Rezension

Ein typischer Irving

In einer Person
von John Irving

Bewertet mit 3.5 Sternen

Es gibt Romane die haben einen perfekten Anfang, einen mittelmäßigen Mittelteil und dann vielleicht einen passablen Schluss. Dann wiederum gibt es Romane, die haben eventuell einen sehr guten Mittelteil und der Schluss ist genial, dafür ist aber der Anfang eher lahm. Auf John Irvings Romane trifft das für mich nie zu. Selbst die, die ich eher mittelmäßig finde haben immer einen Anfang den ich mag und auch der Rest ist immer so das ich mich absolut wohl fühle und eigentlich am liebsten sofort einen weiteren Roman von Irving lesen möchte. "In einer Person" hat nun einen Schluss den ich so, wie er sich dann in die Handlung einfügt als absolut gelungen und wunderbar empfinde. 
Ich habe den Roman gerade beendet und daher ist meine Erinnerung an das Ende natürlich sehr präsent. Es ist das Einzige mal das er Roman vielleicht doch offensichtlich moralisch wird. Aber auf eine Art die ich als sehr charmant empfunden habe. 

"In einer Person" kommt nicht ganz an meine Irvingfavouriten heran, erst in diesem Jahr habe Ich den Vorgänger "Last Night in Twisted River" gelesen, der mich sehr viel stärker in seinen Bann gezogen hat. Und dennoch hat auch dieser Roman etwas an sich das mich nicht losgelassen hat. Vielleicht war es vor allem die Art wie Irving von Bisexualität erzählt. Aber es war ganz sicher, weil der Roman mit der Liebe zu einer Bibliothekarin beginnt und damit die gesamte Handlung aufrollt. Weil das Schreiben und die Liebe zur Literatur eine wichtige Rolle einnehmen und William in seinen entscheidendsten Lebensphasen begleiten. Die Art und Weise wie jemand eifersüchtig wird, weil der Partner Madame Bovary liest, aber auch die Tatsache welchen Roman man am liebsten mehr als einmal lesen möchte und warum. 

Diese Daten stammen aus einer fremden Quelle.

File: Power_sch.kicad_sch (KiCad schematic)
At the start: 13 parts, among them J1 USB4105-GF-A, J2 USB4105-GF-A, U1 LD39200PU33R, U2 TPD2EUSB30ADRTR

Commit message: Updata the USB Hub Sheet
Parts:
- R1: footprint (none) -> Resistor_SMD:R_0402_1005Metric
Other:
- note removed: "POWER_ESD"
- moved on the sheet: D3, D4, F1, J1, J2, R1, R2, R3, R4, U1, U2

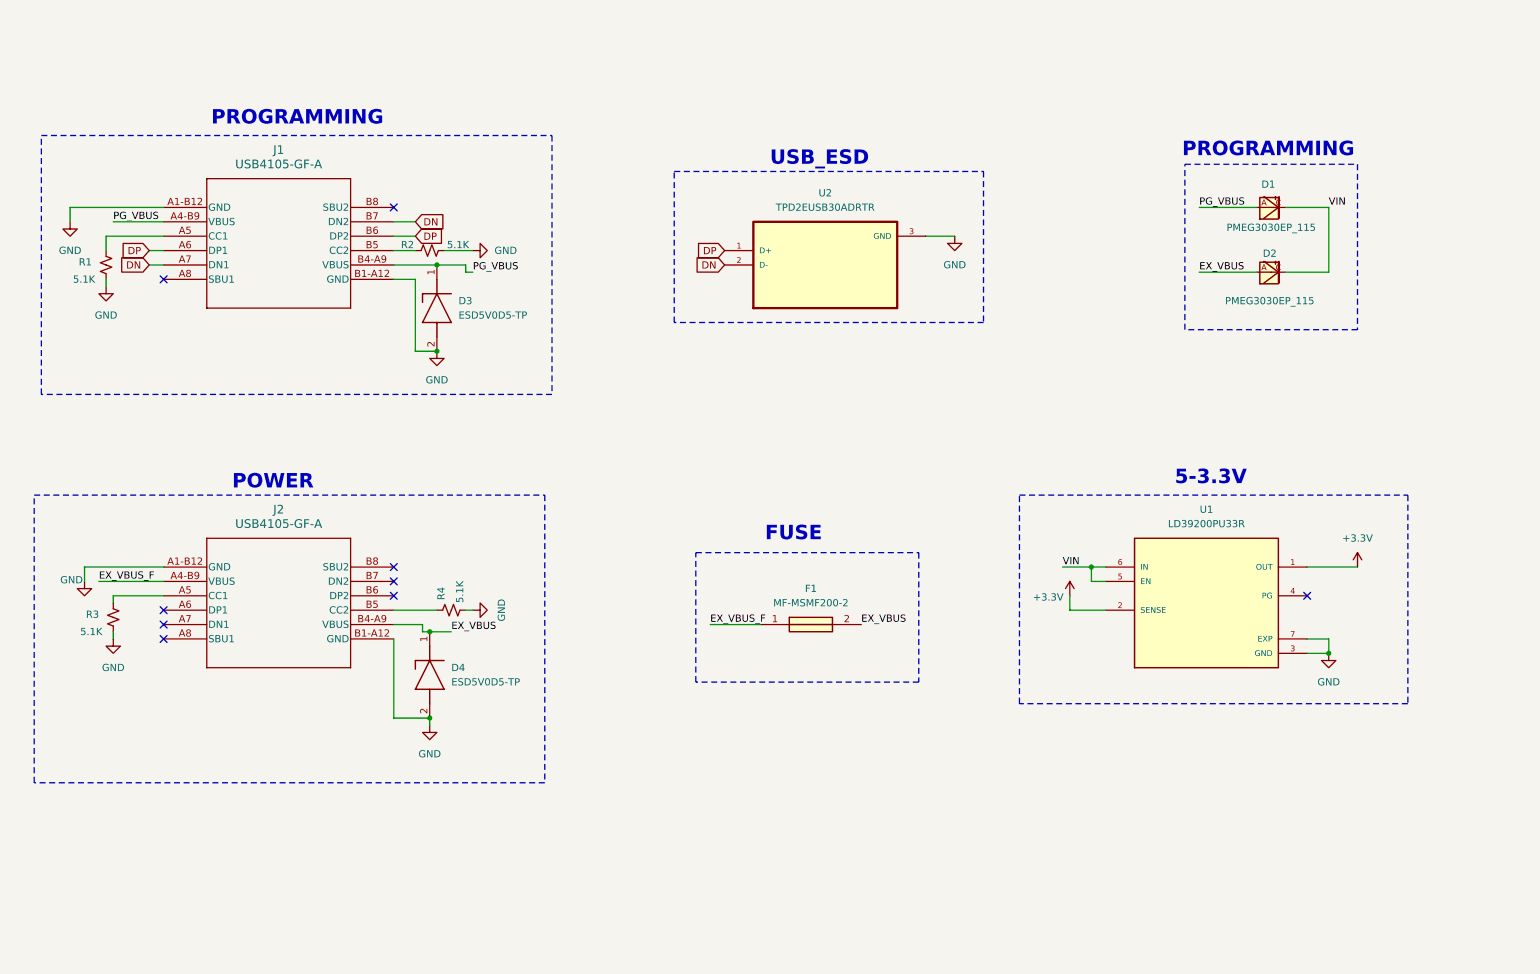
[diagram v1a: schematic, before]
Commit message: update the power sheet
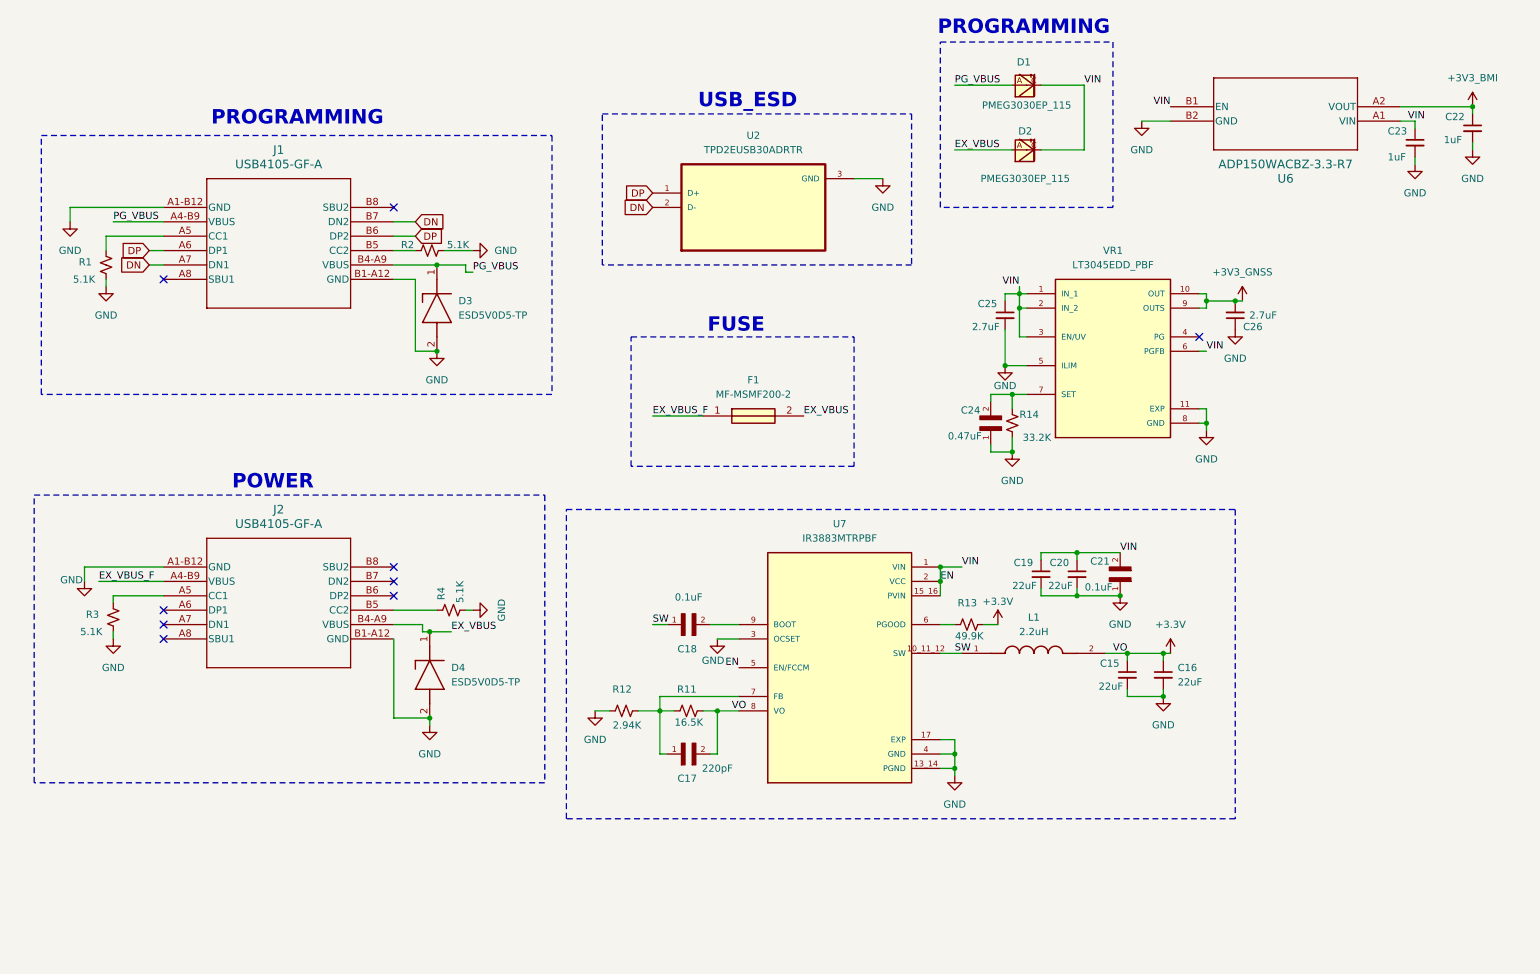
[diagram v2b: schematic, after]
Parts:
- removed U1: LD39200PU33R, LD39200PU33R:SON95P300X300X100-7N, symbol LD39200PU33R:LD39200PU33R
- added C15, C16, C19, C20: 22uF, Capacitor_SMD:C_0805_2012Metric, symbol Device:C_Small
- added C17: 220pF, C0402C104K4RAC:CAPC1005X55N, symbol C0402C104K4RAC:C0402C104K4RAC
- added C18, C21: 0.1uF, C0402C104K4RAC:CAPC1005X55N, symbol C0402C104K4RAC:C0402C104K4RAC
- added C22, C23: 1uF, Capacitor_SMD:C_0805_2012Metric, symbol Device:C_Small
- added C24: 0.47uF, C0402C104K4RAC:CAPC1005X55N, symbol C0402C104K4RAC:C0402C104K4RAC
- added C25, C26: 2.7uF, Capacitor_SMD:C_0805_2012Metric, symbol Device:C_Small
- added L1: 2.2uH, ASPIAIG-F5030-2R2M-T:IND_ASPIAIG-F5030-2R2M-T, symbol ASPIAIG-F5030-2R2M-T:ASPIAIG-F5030-2R2M-T
- added R11: 16.5K, Resistor_SMD:R_0402_1005Metric, symbol Device:R_Small_US
- added R12: 2.94K, Resistor_SMD:R_0402_1005Metric, symbol Device:R_Small_US
- added R13: 49.9K, Resistor_SMD:R_0402_1005Metric, symbol Device:R_Small_US
- added R14: 33.2K, Resistor_SMD:R_0402_1005Metric, symbol Device:R_Small_US
- added U6: ADP150WACBZ-3.3-R7, Module:CB-4-3_ADI, symbol 2026-08-11_06-36-10:ADP150WACBZ-3.3-R7
- added U7: IR3883MTRPBF, Module:VREG_IR3883MTRPBF, symbol IR3883MTRPBF:IR3883MTRPBF
- added VR1: LT3045EDD_PBF, Module:SON50P300X300X80-11N, symbol LT3045EDD_PBF:LT3045EDD_PBF
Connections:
- net +3.3V: now also C15.1, C16.1, C17.2, L1.2, R11.1, R13.1, U7.8 (VO)
- net GND: now also C15.2, C16.2, C19.2, C20.2, C21.1, C22.2, C23.2, C24.1, C25.2, C26.1, R12.2, R14.2, U6.B2 (GND), U7.13_14 (PGND), U7.17 (EXP), U7.3 (OCSET), U7.4 (GND), VR1.11 (EXP), VR1.5 (ILIM), VR1.8 (GND)
- net VIN renamed EN
- net EN: now also C19.1, C20.1, C21.2, C23.1, C25.1, U6.A1 (VIN), U6.B1 (EN), U7.1 (VIN), U7.15_16 (PVIN), U7.2 (VCC), U7.5 (EN/FCCM), VR1.1 (IN_1), VR1.2 (IN_2), VR1.3 (EN/UV), VR1.6 (PGFB)
- new net: C24.2, R14.1, VR1.7 (SET)
- new net: R13.2, U7.6 (PGOOD)
- new net: C17.1, R11.2, R12.1, U7.7 (FB)
- new net: C18.2, U7.9 (BOOT)
- new net +3V3_BMI: C22.1, U6.A2 (VOUT)
- new net +3V3_GNSS: C26.2, VR1.10 (OUT), VR1.9 (OUTS)
- new net SW: C18.1, L1.1, U7.10_11_12 (SW)
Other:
- note removed: "5-3.3V"
- moved on the sheet: D1, D2, F1, U2

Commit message: Add the STM
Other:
- note added: "3V3_BMI"
- note added: "3V3_GNSS"
- note added: "Buck_Converter"
- note added: "Power_Supply_'OR'ing"
- moved on the sheet: C15, C16, C17, C18, C19, C20, C21, C22, C23, C24, C25, C26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

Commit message: arrange the Sheets
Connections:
- net EN renamed VIN

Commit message: verification
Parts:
- added TP2, TP3, TP4, TP5: TestPoint, TestPoint:TestPoint_Pad_D2.0mm, symbol Connector:TestPoint
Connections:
- net +3.3V: now also TP5.1
- net +3V3_BMI: now also TP4.1
- net GND: now also TP2.1
- net VIN: now also TP3.1

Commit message: new
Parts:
- added F2: MF-MSMF200-2, FUSC4632X85N, symbol MF-MSMF200-2:MF-MSMF200-2
- added TP12: TestPoint, TestPoint:TestPoint_Pad_D2.0mm, symbol Connector:TestPoint
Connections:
- net +3V3_GNSS: now also TP12.1
- net EX_VBUS: now also J2.A4-B9 (VBUS), F2.2; no longer D4.1 (K), F1.2, J2.B4-A9 (VBUS)
- net PG_VBUS: now also F1.2; no longer D3.1 (K), J1.B4-A9 (VBUS)
- net EX_VBUS_F: no longer names the net of F1.1
- net EX_VBUS_F: now also D3.1 (K), J1.B4-A9 (VBUS); no longer J2.A4-B9 (VBUS)
- new net: D4.1 (K), F2.1, J2.B4-A9 (VBUS)
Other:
- note removed: "FUSE"
- moved on the sheet: C19, C20, C21, C22, C23, D3, D4, F1, J1, J2, R1, R2

Welche Menschen beeinflussen mit ihrer Anwesenheit oder ihrer Abwesenheit ein ganzes Leben? Und was ist wenn man sie nur eine kleine Weile kennen durfte, sie aber trotzdem so präsent waren das man sie ein Leben lang nicht vergessen kann? Und wie reagiere ich wenn diese Menschen mich aufgrund der Umstände nicht akzeptieren wollen weil ein Teil von mir nicht in ihre Moralvorstellungen passen könnte? 
Irving erzählt wieder einmal aus dem Leben selbst und obwohl er dabei wie immer irgendwie übertreibt, habe ich bei ihm niemals das Gefühl das er mir Lügen auftischen würde. Im Gegenteil, seine Roman erzählen mir immer wieder ganz besondere Wahrheiten und jedes Mal habe ich wieder den Wunsch einen der Figuren des Romans zu treffen. 

Warum es keine  volle Punktzahl gibt, liegt vor allem daran das ich Vergleiche anstelle. "In einer Person" kommt weder an "Gottes Werk und Teufels Beitrag", noch an "Last Night in Twisted River", und schon gar nicht an "Owen Meany" heran. Auch nicht an meinen ganz persönlichen Liebling "Witwe für ein Jahr" und doch ist er besser als "Bis Ich dich finde" den ich als eher schwachen Roman empfunden habe. Aber er ist trotzdem ein großartiger Roman - wenn man ihn losgelöst betrachtet und etwas objektiver *gg* Mein Bauchgefühl verbietet mir allerdings eine höhere Punktezahl.